[llvm] [AArch64] Increase scatter overhead on Neoverse-V2 (PR #101296)
Madhur Amilkanthwar via llvm-commits
llvm-commits at lists.llvm.org
Wed Aug 7 08:31:17 PDT 2024
https://github.com/madhur13490 updated https://github.com/llvm/llvm-project/pull/101296
>From 5bc19b3d59dded4756d2cd18d22c6cd727217b37 Mon Sep 17 00:00:00 2001
From: Madhur Amilkanthwar <madhura at nvidia.com>
Date: Thu, 25 Jul 2024 18:30:21 +0530
Subject: [PATCH 1/3] [AArch64] Increase scatter overhead on Neoverse-V2
This patch increases scatter overhead on Neoverse-V2 to 13.
This benefits s128 kernel from TSVC_2 test suite.

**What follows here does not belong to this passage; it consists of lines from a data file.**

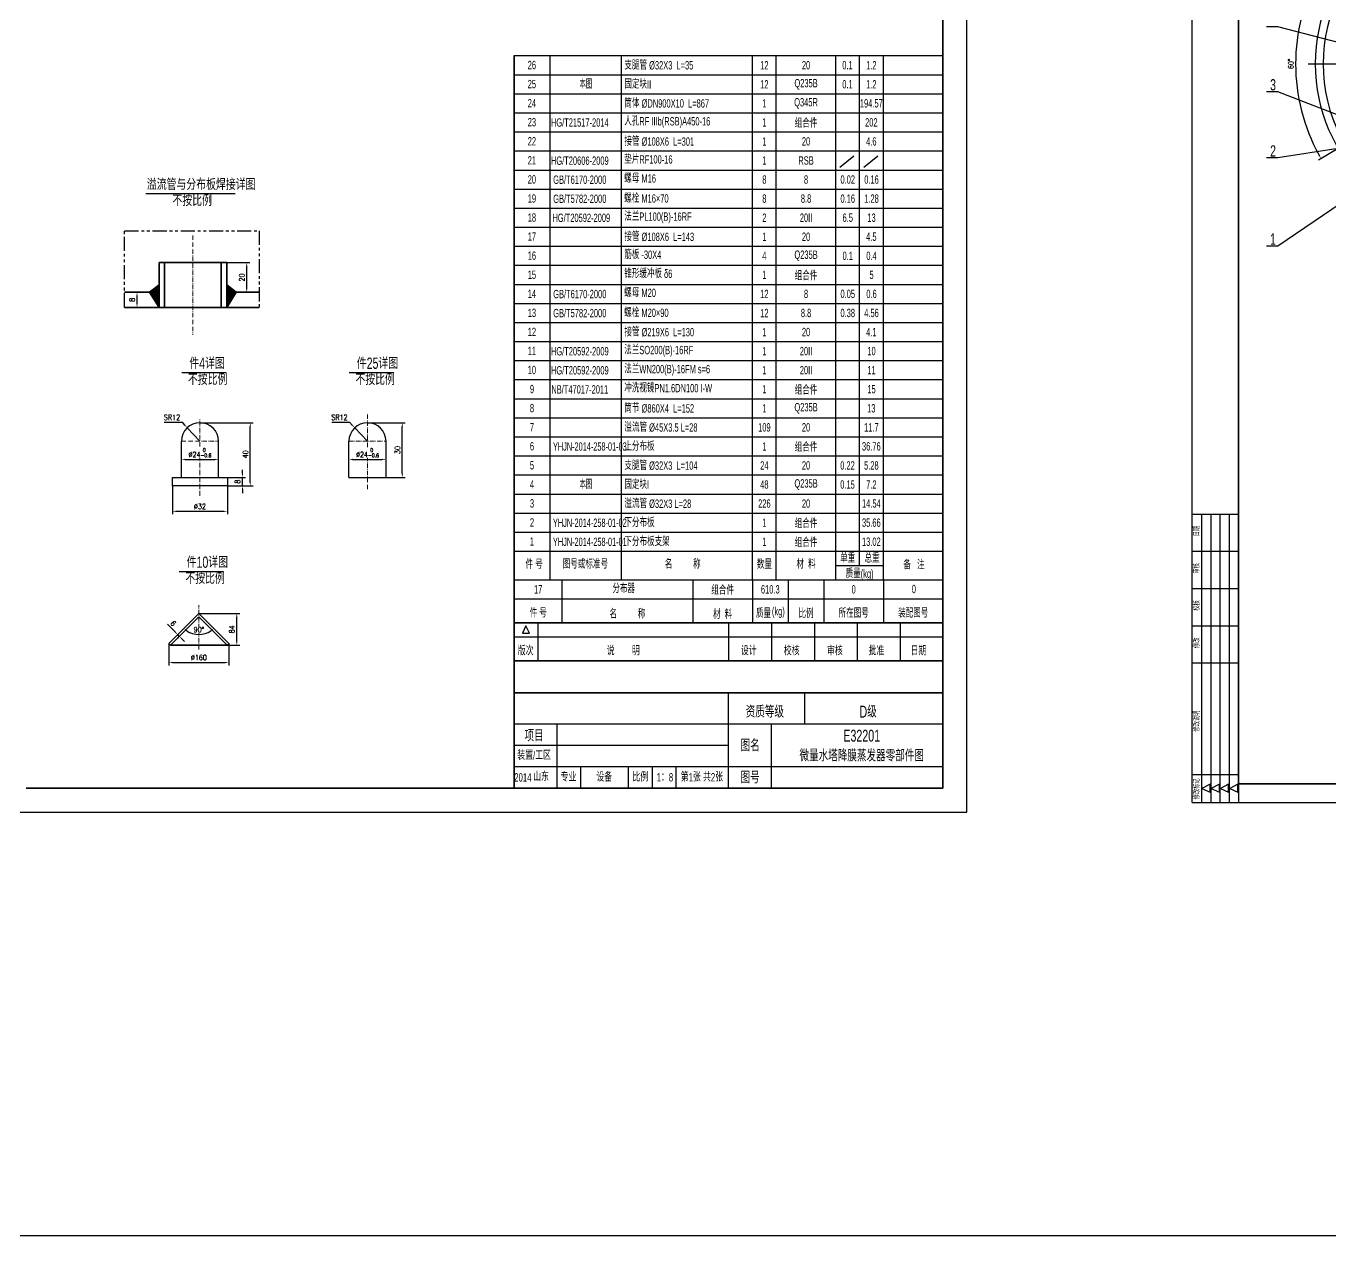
# Model space of a CAD drawing. Header units: millimetres. Extents: x 174648 to 205929, y -160248 to -145891.
# Drawn here: x 176620 to 180088, y -151223 to -148006 of the extents above; entities that cross this region are included whole.
import ezdxf
from ezdxf.enums import TextEntityAlignment as Align

# ---------------------------------------------------------------- set-up
doc = ezdxf.new("R2010")
doc.units = ezdxf.units.MM
doc.linetypes.add('ACAD_ISO10W100', pattern=[18.7, 12, -3, 0.7, -3])
doc.linetypes.add('PHANTOM', pattern=[2.5, 1.25, -0.25, 0.25, -0.25, 0.25, -0.25])
doc.layers.add('9双点划线层', color=6, linetype='PHANTOM')
doc.layers.add('中心线', color=1, linetype='ACAD_ISO10W100', lineweight=18)
doc.layers.add('图层1', color=4, linetype='Continuous', lineweight=35)
doc.styles.add('TH_GBDIM', font='romans.shx', dxfattribs={"width": 0.8, "bigfont": 'gbcbig.shx'})
doc.styles.add('样式 3.5', font='roms.shx', dxfattribs={"width": 0.7, "height": 3.5, "bigfont": 'hztxt.shx'})
doc.styles.add('样式 5', font='roms.shx', dxfattribs={"width": 0.67, "height": 5, "bigfont": 'hztxt.shx'})
doc.dimstyles.new('TH_GBDIM', dxfattribs={"dimtxt": 3.5, "dimasz": 2.5, "dimexe": 2, "dimexo": 0, "dimgap": 1.5, "dimtad": 1, "dimdec": 1, "dimzin": 0, "dimdsep": 46, "dimtxsty": 'TH_GBDIM', "dimcen": 2.5, "dimclrd": 130, "dimclre": 130, "dimclrt": 3, "dimadec": 0, "dimazin": 0, "dimtfac": 0.714286, "dimtdec": 1, "dimtmove": 0, "dimatfit": 3, "dimfxl": 0, "dimtzin": 0, "dimlwd": -1, "dimlwe": -1, "dimarcsym": 0})

# ---------------------------------------------------------------- blocks, each defined once
blk = doc.blocks.new('*D266')
at = {"color": 130, "linetype": 'Continuous', "transparency": 16777216}
blk.add_arc((180500.5, -148106.7), 362.7, 151.5799, 178.4201, dxfattribs=at)
at = {"color": 130, "transparency": 16777216}
for points in [[(180180.1, -147933.3), (180183, -147934.9), (180186.4, -147925.4)], [(180139.6, -148096.7), (180136.3, -148096.7), (180137.8, -148106.7)]]:
    blk.add_solid(points, dxfattribs=at)
at = {"layer": 'Defpoints', "color": 0, "transparency": 16777216}
for p in [(180117.7, -147885.7), (180303.3, -147992.9), (180030.5, -148106.7), (180970.5, -148106.7)]:
    blk.add_point(p, dxfattribs=at)
at = {"color": 3, "transparency": 16777216, "insert": (180137.6, -148009.5), "char_height": 14, "attachment_point": 5, "rotation": 75, "style": 'TH_GBDIM', "bg_fill": 3, "box_fill_scale": 1.1, "bg_fill_color": 256, "bg_fill_true_color": 13158600, "bg_fill_transparency": 0}
blk.add_mtext('30°', dxfattribs=at)
at = {"layer": 'Defpoints', "color": 0, "transparency": 16777216}
blk.add_point((180159.7, -147982.7), dxfattribs=at)
blk = doc.blocks.new('*D267')
at = {"color": 130, "transparency": 16777216}
blk.add_line((180117.7, -147885.7), (180057.7, -147851.1), dxfattribs=at)
at = {"color": 130, "linetype": 'Continuous', "transparency": 16777216}
blk.add_line((180110.8, -148331.7), (180057.7, -148362.4), dxfattribs=at)
blk.add_arc((180500.5, -148106.7), 503.3, 151.1385, 208.8615, dxfattribs=at)
at = {"color": 130, "transparency": 16777216}
for points in [[(180058.3, -147863), (180061.2, -147864.6), (180064.6, -147855.1)], [(180061.2, -148348.8), (180058.3, -148350.5), (180064.6, -148358.4)]]:
    blk.add_solid(points, dxfattribs=at)
at = {"layer": 'Defpoints', "color": 0, "transparency": 16777216}
for p in [(180117.7, -147885.7), (180303.3, -147992.9), (180004.8, -148019.3), (180500.5, -148106.7), (180110.8, -148331.7)]:
    blk.add_point(p, dxfattribs=at)
at = {"color": 3, "transparency": 16777216, "insert": (179984.2, -148106.7), "char_height": 14, "attachment_point": 5, "rotation": 90, "style": 'TH_GBDIM', "bg_fill": 3, "box_fill_scale": 1.1, "bg_fill_color": 256, "bg_fill_true_color": 13158600, "bg_fill_transparency": 0}
blk.add_mtext('60°', dxfattribs=at)
blk = doc.blocks.new('*D305')
at = {"color": 130, "transparency": 16777216}
blk.add_line((177153.4, -148635.1), (177214.7, -148635.1), dxfattribs=at)
at = {"color": 130, "linetype": 'Continuous', "transparency": 16777216}
for p, q in [((177206.7, -148704.1), (177206.7, -148645.1)), ((177178.6, -148714.1), (177214.7, -148714.1))]:
    blk.add_line(p, q, dxfattribs=at)
at = {"color": 130, "transparency": 16777216}
for points in [[(177205, -148645.1), (177208.3, -148645.1), (177206.7, -148635.1)], [(177205, -148704.1), (177208.3, -148704.1), (177206.7, -148714.1)]]:
    blk.add_solid(points, dxfattribs=at)
at = {"layer": 'Defpoints', "color": 0, "transparency": 16777216}
for p in [(177153.4, -148635.1), (177206.7, -148635.1), (177178.6, -148714.1)]:
    blk.add_point(p, dxfattribs=at)
at = {"color": 3, "transparency": 16777216, "insert": (177193.7, -148674.6), "char_height": 14, "attachment_point": 5, "rotation": 90, "style": 'TH_GBDIM', "bg_fill": 3, "box_fill_scale": 1.1, "bg_fill_color": 256, "bg_fill_true_color": 13158600, "bg_fill_transparency": 0}
blk.add_mtext('{20}{}{}', dxfattribs=at)
blk = doc.blocks.new('*D306')
at = {"color": 130, "linetype": 'Continuous', "transparency": 16777216}
for p, q in [((176914.7, -148714.1), (176906.7, -148714.1)), ((176914.7, -148724.1), (176914.7, -148744.1))]:
    blk.add_line(p, q, dxfattribs=at)
at = {"color": 130, "transparency": 16777216}
blk.add_line((176914.7, -148754.1), (176906.7, -148754.1), dxfattribs=at)
for points in [[(176913.1, -148724.1), (176916.4, -148724.1), (176914.7, -148714.1)], [(176913.1, -148744.1), (176916.4, -148744.1), (176914.7, -148754.1)]]:
    blk.add_solid(points, dxfattribs=at)
at = {"color": 3, "transparency": 16777216, "insert": (176901.7, -148734.1), "char_height": 14, "attachment_point": 5, "rotation": 90, "style": 'TH_GBDIM', "bg_fill": 3, "box_fill_scale": 1.1, "bg_fill_color": 256, "bg_fill_true_color": 13158600, "bg_fill_transparency": 0}
blk.add_mtext('{8}{}{}', dxfattribs=at)
at = {"layer": 'Defpoints', "color": 0, "transparency": 16777216}
for p in [(176914.7, -148714.1), (176914.7, -148754.1), (176914.7, -148754.1)]:
    blk.add_point(p, dxfattribs=at)
blk = doc.blocks.new('*D307')
at = {"color": 130, "linetype": 'Continuous', "transparency": 16777216}
for p, q in [((177009.1, -149228.7), (177009.1, -149304.5)), ((177019.1, -149296.5), (177145.3, -149296.5))]:
    blk.add_line(p, q, dxfattribs=at)
at = {"color": 130, "transparency": 16777216}
blk.add_line((177155.3, -149228.7), (177155.3, -149304.5), dxfattribs=at)
for points in [[(177019.1, -149294.9), (177019.1, -149298.2), (177009.1, -149296.5)], [(177145.3, -149294.9), (177145.3, -149298.2), (177155.3, -149296.5)]]:
    blk.add_solid(points, dxfattribs=at)
at = {"layer": 'Defpoints', "color": 0, "transparency": 16777216}
for p in [(177009.1, -149228.7), (177155.3, -149228.7), (177155.3, -149296.5)]:
    blk.add_point(p, dxfattribs=at)
at = {"color": 3, "transparency": 16777216, "insert": (177082.2, -149283.5), "char_height": 14, "attachment_point": 5, "style": 'TH_GBDIM', "bg_fill": 3, "box_fill_scale": 1.1, "bg_fill_color": 256, "bg_fill_true_color": 13158600, "bg_fill_transparency": 0}
blk.add_mtext('{%%c32}{}{}', dxfattribs=at)
blk = doc.blocks.new('*D308')
at = {"color": 130, "linetype": 'Continuous', "transparency": 16777216}
for p, q in [((177032.8, -149158.3), (177032.8, -149150.3)), ((177042.8, -149158.3), (177121.6, -149158.3))]:
    blk.add_line(p, q, dxfattribs=at)
at = {"color": 130, "transparency": 16777216}
blk.add_line((177131.6, -149158.3), (177131.6, -149150.3), dxfattribs=at)
for points in [[(177042.8, -149156.7), (177042.8, -149160), (177032.8, -149158.3)], [(177121.6, -149156.7), (177121.6, -149160), (177131.6, -149158.3)]]:
    blk.add_solid(points, dxfattribs=at)
at = {"layer": 'Defpoints', "color": 0, "transparency": 16777216}
for p in [(177032.8, -149158.3), (177131.6, -149158.3), (177131.6, -149158.3)]:
    blk.add_point(p, dxfattribs=at)
at = {"color": 3, "transparency": 16777216, "insert": (177082.2, -149140.7), "char_height": 14, "attachment_point": 5, "style": 'TH_GBDIM', "bg_fill": 3, "box_fill_scale": 1.1, "bg_fill_color": 256, "bg_fill_true_color": 13158600, "bg_fill_transparency": 0}
blk.add_mtext('{%%c24}{}{\\H0.7143x;\\S 0^ -0.6;}', dxfattribs=at)
blk = doc.blocks.new('*D309')
at = {"color": 130, "linetype": 'Continuous', "transparency": 16777216}
for p, q in [((177195.4, -149196.4), (177195.4, -149186.4)), ((177195.4, -149228.7), (177195.4, -149206.4)), ((177155.3, -149228.7), (177203.4, -149228.7)), ((177195.4, -149238.7), (177195.4, -149248.7))]:
    blk.add_line(p, q, dxfattribs=at)
at = {"color": 130, "transparency": 16777216}
blk.add_line((177155.3, -149206.4), (177203.4, -149206.4), dxfattribs=at)
for points in [[(177193.8, -149196.4), (177197.1, -149196.4), (177195.4, -149206.4)], [(177193.8, -149238.7), (177197.1, -149238.7), (177195.4, -149228.7)]]:
    blk.add_solid(points, dxfattribs=at)
at = {"layer": 'Defpoints', "color": 0, "transparency": 16777216}
for p in [(177155.3, -149206.4), (177155.3, -149228.7)]:
    blk.add_point(p, dxfattribs=at)
at = {"color": 3, "transparency": 16777216, "insert": (177182.4, -149217.6), "char_height": 14, "attachment_point": 5, "rotation": 90, "style": 'TH_GBDIM', "bg_fill": 3, "box_fill_scale": 1.1, "bg_fill_color": 256, "bg_fill_true_color": 13158600, "bg_fill_transparency": 0}
blk.add_mtext('{8}{}{}', dxfattribs=at)
at = {"layer": 'Defpoints', "color": 0, "transparency": 16777216}
blk.add_point((177195.4, -149206.4), dxfattribs=at)
blk = doc.blocks.new('*D310')
at = {"color": 130, "transparency": 16777216}
blk.add_line((177082.2, -149060.9), (177224.1, -149060.9), dxfattribs=at)
at = {"color": 130, "linetype": 'Continuous', "transparency": 16777216}
for p, q in [((177216.1, -149218.7), (177216.1, -149070.9)), ((177155.3, -149228.7), (177224.1, -149228.7))]:
    blk.add_line(p, q, dxfattribs=at)
at = {"color": 130, "transparency": 16777216}
for points in [[(177214.4, -149070.9), (177217.7, -149070.9), (177216.1, -149060.9)], [(177214.4, -149218.7), (177217.7, -149218.7), (177216.1, -149228.7)]]:
    blk.add_solid(points, dxfattribs=at)
at = {"layer": 'Defpoints', "color": 0, "transparency": 16777216}
for p in [(177082.2, -149060.9), (177216.1, -149060.9), (177155.3, -149228.7)]:
    blk.add_point(p, dxfattribs=at)
at = {"color": 3, "transparency": 16777216, "insert": (177203.1, -149144.8), "char_height": 14, "attachment_point": 5, "rotation": 90, "style": 'TH_GBDIM', "bg_fill": 3, "box_fill_scale": 1.1, "bg_fill_color": 256, "bg_fill_true_color": 13158600, "bg_fill_transparency": 0}
blk.add_mtext('{40}{}{}', dxfattribs=at)
blk = doc.blocks.new('*D311')
at = {"color": 130, "linetype": 'Continuous', "transparency": 16777216}
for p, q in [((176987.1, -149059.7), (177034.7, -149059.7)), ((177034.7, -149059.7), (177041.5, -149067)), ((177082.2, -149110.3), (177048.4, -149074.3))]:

SPEC 17, RAJAPerf, Sptter are unaffected with this patch.
---
.../AArch64/AArch64TargetTransformInfo.cpp | 22 +++++++++++++++++--
.../LoopVectorize/AArch64/scatter-cost.ll | 8 +++++++
2 files changed, 28 insertions(+), 2 deletions(-)
create mode 100644 llvm/test/Transforms/LoopVectorize/AArch64/scatter-cost.ll
diff --git a/llvm/lib/Target/AArch64/AArch64TargetTransformInfo.cpp b/llvm/lib/Target/AArch64/AArch64TargetTransformInfo.cpp
index 79c0e45e3aa5b..d8c6416849cc5 100644
--- a/llvm/lib/Target/AArch64/AArch64TargetTransformInfo.cpp
+++ b/llvm/lib/Target/AArch64/AArch64TargetTransformInfo.cpp
@@ -3389,8 +3389,26 @@ AArch64TTIImpl::getMaskedMemoryOpCost(unsigned Opcode, Type *Src,
return LT.first;
}
-static unsigned getSVEGatherScatterOverhead(unsigned Opcode) {
+static unsigned getSVEGatherScatterOverhead(unsigned Opcode, AArch64Subtarget::ARMProcFamilyEnum ProcFamily) {
+ assert((Opcode == Instruction::Load || Opcode == Instruction::Store) &&
+ "Should be called on only load or stores.");
return Opcode == Instruction::Load ? SVEGatherOverhead : SVEScatterOverhead;
+ unsigned Cost = 1;
+ switch(Opcode) {
+ case Instruction::Load:
+ Cost = SVEGatherOverhead;
+ break;
+ case Instruction::Store:
+ if (ProcFamily == AArch64Subtarget::NeoverseV2) {
+ Cost = 13;
+ } else {
+ Cost = SVEScatterOverhead;
+ }
+ break;
+ default:
+ llvm_unreachable("Shouldn't have reached here");
+ }
+ return Cost;
}
InstructionCost AArch64TTIImpl::getGatherScatterOpCost(
@@ -3424,7 +3442,7 @@ InstructionCost AArch64TTIImpl::getGatherScatterOpCost(
// Add on an overhead cost for using gathers/scatters.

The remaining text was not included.